Third, the Treasury’s genuinely radical response to the economic crisis helped persuade people that ministers were interested in protecting “hard-working families” as the phrase goes, from the worst effects of the slump, through schemes such as the furlough. Of course, this might in due course be reversed, and the rhetoric about “levelling up” and “building back better” might look rather empty if the economy and employment dip in the coming months, but for now, as with Covid itself, many voters seemed inclined to give the government the benefit of the doubt and accept that they were and are trying their best. Indeed, there may be some uncomfortable truth in the Johnson jibe that if the UK had remained in the EU and within the European Medicines Agency, broadly as many Remainers in Labour wished, then the vaccine programme would not have been so successful.
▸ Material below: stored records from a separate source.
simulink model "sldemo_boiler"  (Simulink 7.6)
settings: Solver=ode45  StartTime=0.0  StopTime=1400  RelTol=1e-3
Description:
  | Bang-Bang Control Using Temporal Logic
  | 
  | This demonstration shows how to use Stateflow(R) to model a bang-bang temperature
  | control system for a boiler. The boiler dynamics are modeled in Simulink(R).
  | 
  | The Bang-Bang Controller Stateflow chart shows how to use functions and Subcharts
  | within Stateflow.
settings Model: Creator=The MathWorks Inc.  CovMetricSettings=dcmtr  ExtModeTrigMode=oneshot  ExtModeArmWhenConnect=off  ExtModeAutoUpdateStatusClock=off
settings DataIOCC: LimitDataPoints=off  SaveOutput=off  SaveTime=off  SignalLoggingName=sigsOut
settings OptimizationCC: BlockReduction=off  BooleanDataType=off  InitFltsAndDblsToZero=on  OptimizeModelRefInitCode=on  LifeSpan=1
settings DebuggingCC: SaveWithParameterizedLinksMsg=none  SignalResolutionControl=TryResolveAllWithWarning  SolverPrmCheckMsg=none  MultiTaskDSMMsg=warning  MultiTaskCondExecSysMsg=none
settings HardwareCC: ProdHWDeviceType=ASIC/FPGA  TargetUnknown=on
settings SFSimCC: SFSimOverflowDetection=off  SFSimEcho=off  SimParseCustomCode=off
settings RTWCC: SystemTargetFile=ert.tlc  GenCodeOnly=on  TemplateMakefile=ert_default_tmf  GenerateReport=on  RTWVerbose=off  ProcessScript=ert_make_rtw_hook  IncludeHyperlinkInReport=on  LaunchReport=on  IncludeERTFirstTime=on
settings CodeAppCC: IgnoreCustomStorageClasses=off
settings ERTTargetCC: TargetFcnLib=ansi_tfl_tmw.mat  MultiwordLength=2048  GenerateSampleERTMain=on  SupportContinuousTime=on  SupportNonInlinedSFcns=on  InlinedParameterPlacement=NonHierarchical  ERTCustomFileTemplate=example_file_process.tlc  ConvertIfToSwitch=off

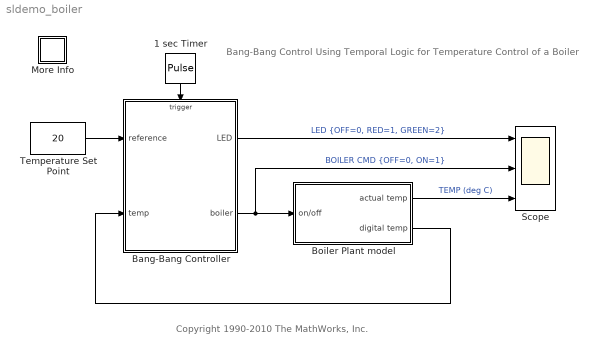
== system sldemo_boiler ==
  note: Bang-Bang Control Using Temporal Logic
      | for Temperature Control of a Boiler
  note: Copyright 1990-2010 The MathWorks, Inc.
  1 sec Timer : DiscretePulseGenerator  Amplitude=int8(1)
  Bang-Bang Controller : Stateflow chart  TreatAsAtomicUnit=on
  Boiler Plant model : Subsystem
  More Info : Subsystem
      settings: OpenFcn=showdemo('sldemo_boiler')
      mask Display: disp('?')
  Scope : Scope  NumInputPorts=3
      settings: YMin=0~0~15  YMax=2~1~24
  Temperature Set Point : Constant  Value=20  OutDataTypeStr=Inherit: Inherit via back propagation
  wires:
  1 sec Timer/1 -> Bang-Bang Controller/Trigger
  Bang-Bang Controller/2(boiler) -> Scope/2, Boiler Plant model/1(on/off)  "BOILER CMD {OFF=0, ON=1}"
  Temperature Set Point/1 -> Bang-Bang Controller/1(reference)
  Boiler Plant model/2(digital temp) -> Bang-Bang Controller/2(temp)
  Boiler Plant model/1(actual temp) -> Scope/3  "TEMP (deg C)"
  Bang-Bang Controller/1(LED) -> Scope/1  "LED {OFF=0, RED=1, GREEN=2}"

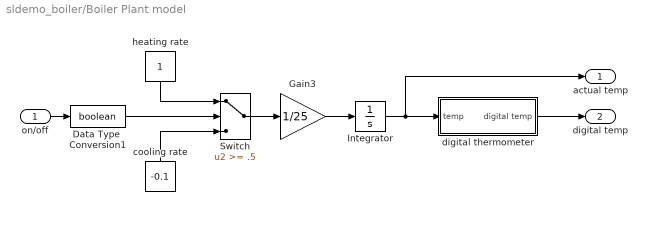
== system sldemo_boiler/Boiler Plant model ==
  on/off : Inport
  Data Type  Conversion1 : DataTypeConversion  OutDataTypeStr=boolean  SaturateOnIntegerOverflow=on  RndMeth=Zero
  Gain3 : Gain  Gain=1/25  SaturateOnIntegerOverflow=on  OutDataTypeStr=Inherit: Same as input  ParamDataTypeStr=Inherit: Same as input
  Integrator : Integrator  InitialCondition=15  ZeroCross=off
  Switch : Switch  Threshold=.5  SaturateOnIntegerOverflow=on  InputSameDT=on
  cooling rate : Constant  Value=-0.1
  digital thermometer : Subsystem
  heating rate : Constant
  actual temp : Outport
  digital temp : Outport  Port=2
  wires:
  Gain3/1 -> Integrator/1
  cooling rate/1 -> Switch/3
  heating rate/1 -> Switch/1
  Switch/1 -> Gain3/1
  on/off/1 -> Data Type  Conversion1/1
  Data Type  Conversion1/1 -> Switch/2
  Integrator/1 -> actual temp/1, digital thermometer/1(temp)
  digital thermometer/1(digital temp) -> digital temp/1

== system sldemo_boiler/More Info ==

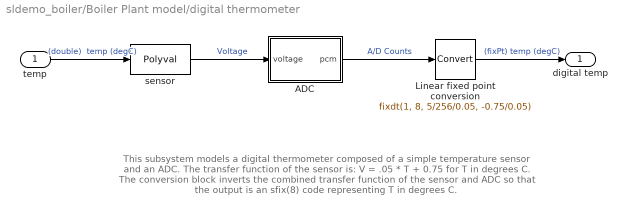
== system sldemo_boiler/Boiler Plant model/digital thermometer ==
  note: This subsystem models a digital thermometer composed of a simple
      | temperature sensor and an ADC.  The transfer function of the sensor is:
      | V = .05 * T + 0.75
      | for T in degrees C.
      |
      | The conversion block inverts the combined transfer function of the sensor
      | and ADC so that the output is an sfix(8) code representing T in degrees C.
  temp : Inport
  ADC : Subsystem
      mask Display: fprintf('ADC\n8-bit\n0-5V');
  Linear fixed point conversion : DataTypeConversion  OutDataTypeStr=fixdt(1, 8, 5/256/0.05, -0.75/0.05)  ConvertRealWorld=Stored Integer (SI)
  sensor : Polyval  Coefs="[ 0.05     0.75 ]"
  digital temp : Outport
  wires:
  sensor/1 -> ADC/1(voltage)  "Voltage"
  ADC/1(pcm) -> Linear fixed point conversion/1  "A/D Counts"
  temp/1 -> sensor/1  "(double)  temp (degC)"
  Linear fixed point conversion/1 -> digital temp/1  "(fixPt) temp (degC)"

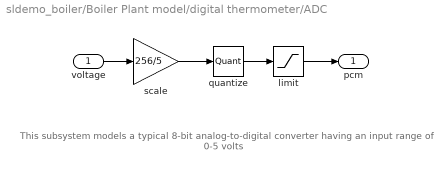
== system sldemo_boiler/Boiler Plant model/digital thermometer/ADC ==
  note: This subsystem models a typical
      | 8-bit analog-to-digital converter
      | having an input range of 0-5 volts
  voltage : Inport
  limit : Saturate  UpperLimit=255  LowerLimit=0
  quantize : Quantizer  QuantizationInterval=1
  scale : Gain  Gain=256/5  SaturateOnIntegerOverflow=on  OutDataTypeStr=Inherit: Same as input  ParamDataTypeStr=Inherit: Same as input
  pcm : Outport
  wires:
  limit/1 -> pcm/1
  scale/1 -> quantize/1
  quantize/1 -> limit/1
  voltage/1 -> scale/1

== stateflow chart Bang-Bang Controller ==
  state Heater [group]
    state Off
      entry: turn_boiler(OFF)
      on every(5,sec): flash_LED()
    state On
      en: turn_boiler(ON)
      du: flash_LED()
      (history)
      state HIGH
      state NORM
      state b = warm() [function]
        (default) -> (junction 22) : {b = !cold()}
      (default) -> HIGH
      HIGH -> NORM : [warm()]
    (default) -> Off
    On -> Off : after(20,sec)
    Off -> On : after(40,sec)
        | [cold()]
    NORM -> Off : [Heater.On.warm()]
  state flash_LED() [function]
    (junction 18) -> (junction 12) [order 2] : {LED=OFF}
    (default) -> (junction 18)
    (junction 18) -> (junction 19) [order 1] : [LED==OFF]
    (junction 19) -> (junction 23) : {LED=color}
  state turn_boiler(mode) [function]
    (default) -> (junction 13)
    (junction 13) -> (junction 14) [order 1] : [mode==ON]
    (junction 16) -> (junction 15)
    (junction 14) -> (junction 16) : {color=GREEN}
    (junction 13) -> (junction 24) [order 2] : {color=RED}
    (junction 15) -> (junction 17) : {LED=color;
        |  boiler=mode}
    (junction 24) -> (junction 15)
  state b = cold() [function]
    (default) -> (junction 20) : { b = temp<=reference}
  data: mode function_input int8; b function_output boolean; b function_output boolean; LED output int8; boiler output int8; color local int8; reference input fixdt(1,8,1,-15); GREEN constant int8 =2; OFF constant int8; ON constant int8 =1; RED constant int8 =1; temp input fixdt(1,8,0.390625,-15)
  events: sec input RISING_EDGE_EVENT

Johnson sought to make Labour’s constructive opposition look like petty whingeing by “Captain Hindsight” and his friends refusing to back the government’s efforts to defeat the virus. The highest death toll in Europe, tragic errors of judgment and the cruel talk about “letting the bodies pile high” all seem to have been forgotten in the rush to book tables in restaurants and foreign holidays.

At this point, and contrary to all expectations, Covid has proved to be a net political bonus for Johnson, and strengthened his hold on the leadership of his party and country; and it is Labour that is asking itself some difficult questions. It is still early in the parliament, however, and, as the Covid crisis showed, “events” can throw the most confident of assumptions into doubt. The last few years have also shown how volatile politics can be, and how fast loyalties can be formed and abandoned. It isn’t much for Labour to cling to right now, but is something to lift their despair.